Le besoin est pour une association envers ses (2000) adhérents.

Pour chacun il faut envoyer un email avec : 
* corps identique pour tous  ("Bonjour, blablablabl")
* objet différent pour chacun  ("pièce-jointe n°" 'XXXX')
* la pièce jointe (pdf) dédiée à chacun


Les 2000 fichiers sont tous dans un même dossier.
Le nom des fichiers sont du type : association-blabla-numero-XXXX.pdf

Il est possible de récupérer la liste des adhérents au format XLS, avec les colonnes : nom, prénom, adresse email, et n°XXXX
Ce fichier XLS, je compte l'exporter au format CSV.
De là on compte vider le carnet d'adresse, et importer ce fichier CSV dans le carnet d'adresse.

Note : on a à disposition : OpenOffice, Numbers, Automator, Mail.
Note : on n'a *pas* à disposition Word, Excel, Bentoo, Filemaker


Le processus que j'ai en tête serait :
* créer un nouvel email
* mettre en destinataire de l'email le premier du carnet d'adresse
* indiquer en objet d'email "Pièce-jointe n°" et y accoler le numéro (XXXX) qui est indiqué dans la fiche du carnet d'adresse  (à la limite c'est facultatif de faire un objet différent pour chacun)
* avoir un corps de message tout prêt (et identique pour tous les adhérents)
* chercher dans finder (dans le dossier adéquat des 2000 fichiers) le PDF qui comporte dans son nom le même numéro (XXXX)
* mettre ce fichier en pièce jointe
* envoyer l'email
* attendre XX secondes (histoire de ne pas faire râler le serveur SMTP)  (facultatif)
* passer à la fiche suivante dans le carnet d'adresse et recommencer à la première étape


QUESTIONS :
1- Vous penseriez faire ça avec quoi ?.... Automator ? ... j'ai pas trouvé comment mettre le fichier joint correspondant au destinataire ...
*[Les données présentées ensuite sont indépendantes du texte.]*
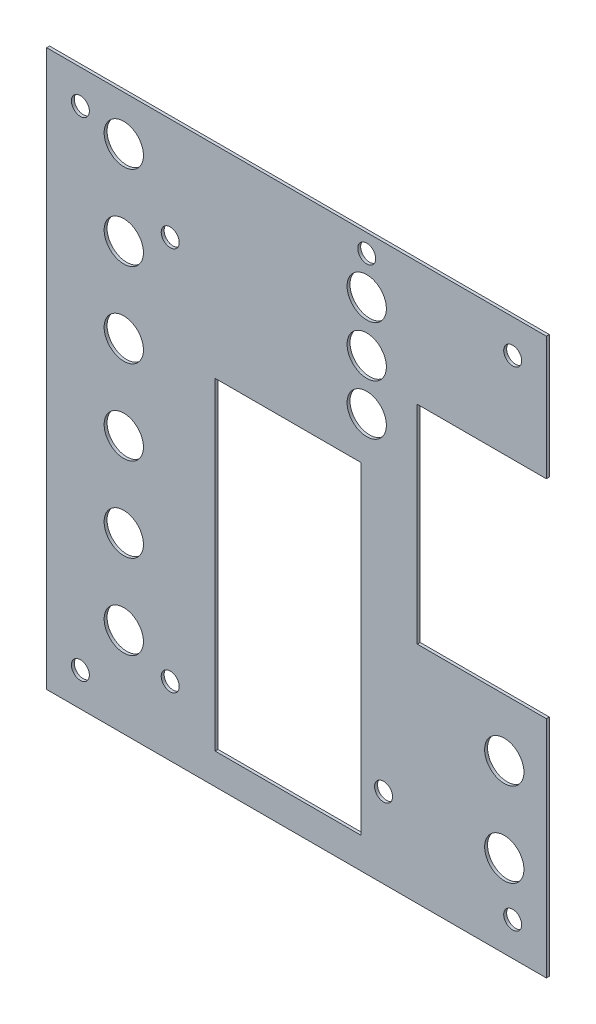
ISO-10303-21;
HEADER;
FILE_DESCRIPTION(('STEP AP214'),'2;1');
FILE_NAME('part.step','',(''),(''),'','','');
FILE_SCHEMA(('AUTOMOTIVE_DESIGN { 1 0 10303 214 1 1 1 1 }'));
ENDSEC;
DATA;
#1=APPLICATION_CONTEXT('core data for automotive mechanical design processes');
#2=APPLICATION_PROTOCOL_DEFINITION('international standard','automotive_design',2000,#1);
#3=PRODUCT_CONTEXT('',#1,'mechanical');
#4=PRODUCT('Part','Part','',(#3));
#5=PRODUCT_RELATED_PRODUCT_CATEGORY('part','',(#4));
#6=PRODUCT_DEFINITION_FORMATION('','',#4);
#7=PRODUCT_DEFINITION_CONTEXT('part definition',#1,'design');
#8=PRODUCT_DEFINITION('design','',#6,#7);
#9=PRODUCT_DEFINITION_SHAPE('','',#8);
#10=(LENGTH_UNIT() NAMED_UNIT(*) SI_UNIT(.MILLI.,.METRE.));
#11=(NAMED_UNIT(*) PLANE_ANGLE_UNIT() SI_UNIT($,.RADIAN.));
#12=(NAMED_UNIT(*) SI_UNIT($,.STERADIAN.) SOLID_ANGLE_UNIT());
#13=UNCERTAINTY_MEASURE_WITH_UNIT(LENGTH_MEASURE(1.E-05),#10,'distance_accuracy_value','');
#14=(GEOMETRIC_REPRESENTATION_CONTEXT(3) GLOBAL_UNCERTAINTY_ASSIGNED_CONTEXT((#13)) GLOBAL_UNIT_ASSIGNED_CONTEXT((#10,
#11,#12)) REPRESENTATION_CONTEXT('',''));
#15=CARTESIAN_POINT('',(0.,0.,0.));
#16=DIRECTION('',(0.,0.,1.));
#17=DIRECTION('',(1.,0.,0.));
#18=AXIS2_PLACEMENT_3D('',#15,#16,#17);
#19=CARTESIAN_POINT('',(0.,0.,0.));
#20=DIRECTION('',(0.,0.,1.));
#21=DIRECTION('',(1.,0.,0.));
#22=AXIS2_PLACEMENT_3D('',#19,#20,#21);
#23=PLANE('',#22);
#24=CARTESIAN_POINT('',(6.,93.,0.));
#25=DIRECTION('',(0.,0.,1.));
#26=DIRECTION('',(1.,0.,0.));
#27=AXIS2_PLACEMENT_3D('',#24,#25,#26);
#28=CIRCLE('',#27,1.6);
#29=CARTESIAN_POINT('',(7.6,93.,0.));
#30=VERTEX_POINT('',#29);
#31=EDGE_CURVE('E26',#30,#30,#28,.T.);
#32=ORIENTED_EDGE('',*,*,#31,.F.);
#33=EDGE_LOOP('',(#32));
#34=FACE_BOUND('',#33,.T.);
#35=CARTESIAN_POINT('',(6.,6.,0.));
#36=DIRECTION('',(0.,0.,1.));
#37=DIRECTION('',(1.,0.,0.));
#38=AXIS2_PLACEMENT_3D('',#35,#36,#37);
#39=CIRCLE('',#38,1.6);
#40=CARTESIAN_POINT('',(7.6,6.,0.));
#41=VERTEX_POINT('',#40);
#42=EDGE_CURVE('E345',#41,#41,#39,.T.);
#43=ORIENTED_EDGE('',*,*,#42,.F.);
#44=EDGE_LOOP('',(#43));
#45=FACE_BOUND('',#44,.T.);
#46=CARTESIAN_POINT('',(83.,6.,0.));
#47=DIRECTION('',(0.,0.,1.));
#48=DIRECTION('',(1.,0.,0.));
#49=AXIS2_PLACEMENT_3D('',#46,#47,#48);
#50=CIRCLE('',#49,1.6);
#51=CARTESIAN_POINT('',(84.6,6.,0.));
#52=VERTEX_POINT('',#51);
#53=EDGE_CURVE('E164',#52,#52,#50,.T.);
#54=ORIENTED_EDGE('',*,*,#53,.F.);
#55=EDGE_LOOP('',(#54));
#56=FACE_BOUND('',#55,.T.);
#57=CARTESIAN_POINT('',(60.,14.25,0.));
#58=DIRECTION('',(0.,0.,1.));
#59=DIRECTION('',(1.,0.,0.));
#60=AXIS2_PLACEMENT_3D('',#57,#58,#59);
#61=CIRCLE('',#60,1.6);
#62=CARTESIAN_POINT('',(61.6,14.25,0.));
#63=VERTEX_POINT('',#62);
#64=EDGE_CURVE('E201',#63,#63,#61,.T.);
#65=ORIENTED_EDGE('',*,*,#64,.F.);
#66=EDGE_LOOP('',(#65));
#67=FACE_BOUND('',#66,.T.);
#68=CARTESIAN_POINT('',(57.,71.,0.));
#69=DIRECTION('',(0.,0.,1.));
#70=DIRECTION('',(1.,0.,0.));
#71=AXIS2_PLACEMENT_3D('',#68,#69,#70);
#72=CIRCLE('',#71,3.5);
#73=CARTESIAN_POINT('',(60.5,71.,0.));
#74=VERTEX_POINT('',#73);
#75=EDGE_CURVE('E300',#74,#74,#72,.T.);
#76=ORIENTED_EDGE('',*,*,#75,.F.);
#77=EDGE_LOOP('',(#76));
#78=FACE_BOUND('',#77,.T.);
#79=CARTESIAN_POINT('',(57.,95.75,0.));
#80=DIRECTION('',(0.,0.,1.));
#81=DIRECTION('',(1.,0.,0.));
#82=AXIS2_PLACEMENT_3D('',#79,#80,#81);
#83=CIRCLE('',#82,1.6);
#84=CARTESIAN_POINT('',(58.6,95.75,0.));
#85=VERTEX_POINT('',#84);
#86=EDGE_CURVE('E254',#85,#85,#83,.T.);
#87=ORIENTED_EDGE('',*,*,#86,.F.);
#88=EDGE_LOOP('',(#87));
#89=FACE_BOUND('',#88,.T.);
#90=CARTESIAN_POINT('',(83.,93.,0.));
#91=DIRECTION('',(0.,0.,1.));
#92=DIRECTION('',(1.,0.,0.));
#93=AXIS2_PLACEMENT_3D('',#90,#91,#92);
#94=CIRCLE('',#93,1.6);
#95=CARTESIAN_POINT('',(84.6,93.,0.));
#96=VERTEX_POINT('',#95);
#97=EDGE_CURVE('E287',#96,#96,#94,.T.);
#98=ORIENTED_EDGE('',*,*,#97,.F.);
#99=EDGE_LOOP('',(#98));
#100=FACE_BOUND('',#99,.T.);
#101=CARTESIAN_POINT('',(81.5,29.75,0.));
#102=DIRECTION('',(0.,0.,1.));
#103=DIRECTION('',(1.,0.,0.));
#104=AXIS2_PLACEMENT_3D('',#101,#102,#103);
#105=CIRCLE('',#104,3.5);
#106=CARTESIAN_POINT('',(85.,29.75,0.));
#107=VERTEX_POINT('',#106);
#108=EDGE_CURVE('E275',#107,#107,#105,.T.);
#109=ORIENTED_EDGE('',*,*,#108,.F.);
#110=EDGE_LOOP('',(#109));
#111=FACE_BOUND('',#110,.T.);
#112=CARTESIAN_POINT('',(81.5,14.75,0.));
#113=DIRECTION('',(0.,0.,1.));
#114=DIRECTION('',(1.,0.,0.));
#115=AXIS2_PLACEMENT_3D('',#112,#113,#114);
#116=CIRCLE('',#115,3.5);
#117=CARTESIAN_POINT('',(85.,14.75,0.));
#118=VERTEX_POINT('',#117);
#119=EDGE_CURVE('E399',#118,#118,#116,.T.);
#120=ORIENTED_EDGE('',*,*,#119,.F.);
#121=EDGE_LOOP('',(#120));
#122=FACE_BOUND('',#121,.T.);
#123=CARTESIAN_POINT('',(13.73,91.,0.));
#124=DIRECTION('',(0.,0.,1.));
#125=DIRECTION('',(1.,0.,0.));
#126=AXIS2_PLACEMENT_3D('',#123,#124,#125);
#127=CIRCLE('',#126,3.5);
#128=CARTESIAN_POINT('',(17.23,91.,0.));
#129=VERTEX_POINT('',#128);
#130=EDGE_CURVE('E185',#129,#129,#127,.T.);
#131=ORIENTED_EDGE('',*,*,#130,.F.);
#132=EDGE_LOOP('',(#131));
#133=FACE_BOUND('',#132,.T.);
#134=CARTESIAN_POINT('',(22.,80.75,0.));
#135=DIRECTION('',(0.,0.,1.));
#136=DIRECTION('',(1.,0.,0.));
#137=AXIS2_PLACEMENT_3D('',#134,#135,#136);
#138=CIRCLE('',#137,1.6);
#139=CARTESIAN_POINT('',(23.6,80.75,0.));
#140=VERTEX_POINT('',#139);
#141=EDGE_CURVE('E266',#140,#140,#138,.T.);
#142=ORIENTED_EDGE('',*,*,#141,.F.);
#143=EDGE_LOOP('',(#142));
#144=FACE_BOUND('',#143,.T.);
#145=CARTESIAN_POINT('',(13.73,76.,0.));
#146=DIRECTION('',(0.,0.,1.));
#147=DIRECTION('',(1.,0.,0.));
#148=AXIS2_PLACEMENT_3D('',#145,#146,#147);
#149=CIRCLE('',#148,3.5);
#150=CARTESIAN_POINT('',(17.23,76.,0.));
#151=VERTEX_POINT('',#150);
#152=EDGE_CURVE('E317',#151,#151,#149,.T.);
#153=ORIENTED_EDGE('',*,*,#152,.F.);
#154=EDGE_LOOP('',(#153));
#155=FACE_BOUND('',#154,.T.);
#156=CARTESIAN_POINT('',(57.,80.,0.));
#157=DIRECTION('',(0.,0.,1.));
#158=DIRECTION('',(1.,0.,0.));
#159=AXIS2_PLACEMENT_3D('',#156,#157,#158);
#160=CIRCLE('',#159,3.5);
#161=CARTESIAN_POINT('',(60.5,80.,0.));
#162=VERTEX_POINT('',#161);
#163=EDGE_CURVE('E210',#162,#162,#160,.T.);
#164=ORIENTED_EDGE('',*,*,#163,.F.);
#165=EDGE_LOOP('',(#164));
#166=FACE_BOUND('',#165,.T.);
#167=CARTESIAN_POINT('',(57.,89.,0.));
#168=DIRECTION('',(0.,0.,1.));
#169=DIRECTION('',(1.,0.,0.));
#170=AXIS2_PLACEMENT_3D('',#167,#168,#169);
#171=CIRCLE('',#170,3.5);
#172=CARTESIAN_POINT('',(60.5,89.,0.));
#173=VERTEX_POINT('',#172);
#174=EDGE_CURVE('E255',#173,#173,#171,.T.);
#175=ORIENTED_EDGE('',*,*,#174,.F.);
#176=EDGE_LOOP('',(#175));
#177=FACE_BOUND('',#176,.T.);
#178=DIRECTION('',(0.,1.,0.));
#179=VECTOR('',#178,1.);
#180=CARTESIAN_POINT('',(30.,5.5,0.));
#181=LINE('',#180,#179);
#182=CARTESIAN_POINT('',(30.,5.5,0.));
#183=VERTEX_POINT('',#182);
#184=CARTESIAN_POINT('',(30.,63.,0.));
#185=VERTEX_POINT('',#184);
#186=EDGE_CURVE('E448',#183,#185,#181,.T.);
#187=ORIENTED_EDGE('',*,*,#186,.T.);
#188=DIRECTION('',(1.,0.,0.));
#189=VECTOR('',#188,1.);
#190=CARTESIAN_POINT('',(30.,63.,0.));
#191=LINE('',#190,#189);
#192=CARTESIAN_POINT('',(56.,63.,0.));
#193=VERTEX_POINT('',#192);
#194=EDGE_CURVE('E425',#185,#193,#191,.T.);
#195=ORIENTED_EDGE('',*,*,#194,.T.);
#196=DIRECTION('',(0.,-1.,0.));
#197=VECTOR('',#196,1.);
#198=CARTESIAN_POINT('',(56.,63.,0.));
#199=LINE('',#198,#197);
#200=CARTESIAN_POINT('',(56.,5.5,0.));
#201=VERTEX_POINT('',#200);
#202=EDGE_CURVE('E368',#193,#201,#199,.T.);
#203=ORIENTED_EDGE('',*,*,#202,.T.);
#204=DIRECTION('',(-1.,0.,0.));
#205=VECTOR('',#204,1.);
#206=CARTESIAN_POINT('',(56.,5.5,0.));
#207=LINE('',#206,#205);
#208=EDGE_CURVE('E265',#201,#183,#207,.T.);
#209=ORIENTED_EDGE('',*,*,#208,.T.);
#210=EDGE_LOOP('',(#187,#195,#203,#209));
#211=FACE_BOUND('',#210,.T.);
#212=CARTESIAN_POINT('',(13.73,46.,0.));
#213=DIRECTION('',(0.,0.,1.));
#214=DIRECTION('',(1.,0.,0.));
#215=AXIS2_PLACEMENT_3D('',#212,#213,#214);
#216=CIRCLE('',#215,3.5);
#217=CARTESIAN_POINT('',(17.23,46.,0.));
#218=VERTEX_POINT('',#217);
#219=EDGE_CURVE('E324',#218,#218,#216,.T.);
#220=ORIENTED_EDGE('',*,*,#219,.F.);
#221=EDGE_LOOP('',(#220));
#222=FACE_BOUND('',#221,.T.);
#223=CARTESIAN_POINT('',(13.73,61.,0.));
#224=DIRECTION('',(0.,0.,1.));
#225=DIRECTION('',(1.,0.,0.));
#226=AXIS2_PLACEMENT_3D('',#223,#224,#225);
#227=CIRCLE('',#226,3.5);
#228=CARTESIAN_POINT('',(17.23,61.,0.));
#229=VERTEX_POINT('',#228);
#230=EDGE_CURVE('E387',#229,#229,#227,.T.);
#231=ORIENTED_EDGE('',*,*,#230,.F.);
#232=EDGE_LOOP('',(#231));
#233=FACE_BOUND('',#232,.T.);
#234=CARTESIAN_POINT('',(22.,12.25,0.));
#235=DIRECTION('',(0.,0.,1.));
#236=DIRECTION('',(1.,0.,0.));
#237=AXIS2_PLACEMENT_3D('',#234,#235,#236);
#238=CIRCLE('',#237,1.6);
#239=CARTESIAN_POINT('',(23.6,12.25,0.));
#240=VERTEX_POINT('',#239);
#241=EDGE_CURVE('E288',#240,#240,#238,.T.);
#242=ORIENTED_EDGE('',*,*,#241,.F.);
#243=EDGE_LOOP('',(#242));
#244=FACE_BOUND('',#243,.T.);
#245=CARTESIAN_POINT('',(13.73,31.,0.));
#246=DIRECTION('',(0.,0.,1.));
#247=DIRECTION('',(1.,0.,0.));
#248=AXIS2_PLACEMENT_3D('',#245,#246,#247);
#249=CIRCLE('',#248,3.5);
#250=CARTESIAN_POINT('',(17.23,31.,0.));
#251=VERTEX_POINT('',#250);
#252=EDGE_CURVE('E209',#251,#251,#249,.T.);
#253=ORIENTED_EDGE('',*,*,#252,.F.);
#254=EDGE_LOOP('',(#253));
#255=FACE_BOUND('',#254,.T.);
#256=CARTESIAN_POINT('',(13.73,16.,0.));
#257=DIRECTION('',(0.,0.,1.));
#258=DIRECTION('',(1.,0.,0.));
#259=AXIS2_PLACEMENT_3D('',#256,#257,#258);
#260=CIRCLE('',#259,3.5);
#261=CARTESIAN_POINT('',(17.23,16.,0.));
#262=VERTEX_POINT('',#261);
#263=EDGE_CURVE('E301',#262,#262,#260,.T.);
#264=ORIENTED_EDGE('',*,*,#263,.F.);
#265=EDGE_LOOP('',(#264));
#266=FACE_BOUND('',#265,.T.);
#267=DIRECTION('',(0.,1.,0.));
#268=VECTOR('',#267,1.);
#269=CARTESIAN_POINT('',(0.,0.,0.));
#270=LINE('',#269,#268);
#271=CARTESIAN_POINT('',(0.,0.,0.));
#272=VERTEX_POINT('',#271);
#273=CARTESIAN_POINT('',(0.,99.,0.));
#274=VERTEX_POINT('',#273);
#275=EDGE_CURVE('E194',#272,#274,#270,.T.);
#276=ORIENTED_EDGE('',*,*,#275,.F.);
#277=DIRECTION('',(-1.,0.,0.));
#278=VECTOR('',#277,1.);
#279=CARTESIAN_POINT('',(89.,0.,0.));
#280=LINE('',#279,#278);
#281=CARTESIAN_POINT('',(89.,0.,0.));
#282=VERTEX_POINT('',#281);
#283=EDGE_CURVE('E195',#282,#272,#280,.T.);
#284=ORIENTED_EDGE('',*,*,#283,.F.);
#285=DIRECTION('',(0.,-1.,0.));
#286=VECTOR('',#285,1.);
#287=CARTESIAN_POINT('',(89.,99.,0.));
#288=LINE('',#287,#286);
#289=CARTESIAN_POINT('',(89.,40.,0.));
#290=VERTEX_POINT('',#289);
#291=EDGE_CURVE('E233',#290,#282,#288,.T.);
#292=ORIENTED_EDGE('',*,*,#291,.F.);
#293=DIRECTION('',(1.,0.,0.));
#294=VECTOR('',#293,1.);
#295=CARTESIAN_POINT('',(66.,40.,0.));
#296=LINE('',#295,#294);
#297=CARTESIAN_POINT('',(66.,40.,0.));
#298=VERTEX_POINT('',#297);
#299=EDGE_CURVE('E221',#298,#290,#296,.T.);
#300=ORIENTED_EDGE('',*,*,#299,.F.);
#301=DIRECTION('',(0.,-1.,0.));
#302=VECTOR('',#301,1.);
#303=CARTESIAN_POINT('',(66.,77.,0.));
#304=LINE('',#303,#302);
#305=CARTESIAN_POINT('',(66.,77.,0.));
#306=VERTEX_POINT('',#305);
#307=EDGE_CURVE('E19',#306,#298,#304,.T.);
#308=ORIENTED_EDGE('',*,*,#307,.F.);
#309=DIRECTION('',(-1.,0.,0.));
#310=VECTOR('',#309,1.);
#311=CARTESIAN_POINT('',(89.5,77.,0.));
#312=LINE('',#311,#310);
#313=CARTESIAN_POINT('',(89.,77.,0.));
#314=VERTEX_POINT('',#313);
#315=EDGE_CURVE('E318',#314,#306,#312,.T.);
#316=ORIENTED_EDGE('',*,*,#315,.F.);
#317=DIRECTION('',(0.,-1.,0.));
#318=VECTOR('',#317,1.);
#319=CARTESIAN_POINT('',(89.,99.,0.));
#320=LINE('',#319,#318);
#321=CARTESIAN_POINT('',(89.,99.,0.));
#322=VERTEX_POINT('',#321);
#323=EDGE_CURVE('E386',#322,#314,#320,.T.);
#324=ORIENTED_EDGE('',*,*,#323,.F.);
#325=DIRECTION('',(1.,0.,0.));
#326=VECTOR('',#325,1.);
#327=CARTESIAN_POINT('',(0.,99.,0.));
#328=LINE('',#327,#326);
#329=EDGE_CURVE('E350',#274,#322,#328,.T.);
#330=ORIENTED_EDGE('',*,*,#329,.F.);
#331=EDGE_LOOP('',(#276,#284,#292,#300,#308,#316,#324,#330));
#332=FACE_BOUND('',#331,.T.);
#333=ADVANCED_FACE('F15',(#34,#45,#56,#67,#78,#89,#100,#111,#122,#133,#144,#155,#166,#177,#211,
#222,#233,#244,#255,#266,#332),#23,.T.);
#334=CARTESIAN_POINT('',(0.,0.,-0.5208016));
#335=DIRECTION('',(0.,0.,1.));
#336=DIRECTION('',(1.,0.,0.));
#337=AXIS2_PLACEMENT_3D('',#334,#335,#336);
#338=PLANE('',#337);
#339=CARTESIAN_POINT('',(6.,93.,-0.5208016));
#340=DIRECTION('',(0.,0.,1.));
#341=DIRECTION('',(1.,0.,0.));
#342=AXIS2_PLACEMENT_3D('',#339,#340,#341);
#343=CIRCLE('',#342,1.6);
#344=CARTESIAN_POINT('',(7.6,93.,-0.5208016));
#345=VERTEX_POINT('',#344);
#346=EDGE_CURVE('E9',#345,#345,#343,.T.);
#347=ORIENTED_EDGE('',*,*,#346,.T.);
#348=EDGE_LOOP('',(#347));
#349=FACE_BOUND('',#348,.T.);
#350=CARTESIAN_POINT('',(6.,6.,-0.5208016));
#351=DIRECTION('',(0.,0.,1.));
#352=DIRECTION('',(1.,0.,0.));
#353=AXIS2_PLACEMENT_3D('',#350,#351,#352);
#354=CIRCLE('',#353,1.6);
#355=CARTESIAN_POINT('',(7.6,6.,-0.5208016));
#356=VERTEX_POINT('',#355);
#357=EDGE_CURVE('E341',#356,#356,#354,.T.);
#358=ORIENTED_EDGE('',*,*,#357,.T.);
#359=EDGE_LOOP('',(#358));
#360=FACE_BOUND('',#359,.T.);
#361=CARTESIAN_POINT('',(83.,6.,-0.5208016));
#362=DIRECTION('',(0.,0.,1.));
#363=DIRECTION('',(1.,0.,0.));
#364=AXIS2_PLACEMENT_3D('',#361,#362,#363);
#365=CIRCLE('',#364,1.6);
#366=CARTESIAN_POINT('',(84.6,6.,-0.5208016));
#367=VERTEX_POINT('',#366);
#368=EDGE_CURVE('E170',#367,#367,#365,.T.);
#369=ORIENTED_EDGE('',*,*,#368,.T.);
#370=EDGE_LOOP('',(#369));
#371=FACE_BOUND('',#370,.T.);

2- Pour ce besoin, faut-il absolument passer par Apple Script ?  (ça m'embêterai car mon niveau est "nul")

3- Qui pourrait m'aider ou me mettre sur une piste "facile" ?


PS : la personne qui s'occupe de ça en a déjà fait quelques centaines, manuellement, un à un. Je viens de lui apprendre qu'il y aurait peut être la possibilité d'automatiser ça  ;-)


Merci pour votre précieuse aide.


Stéphane


----------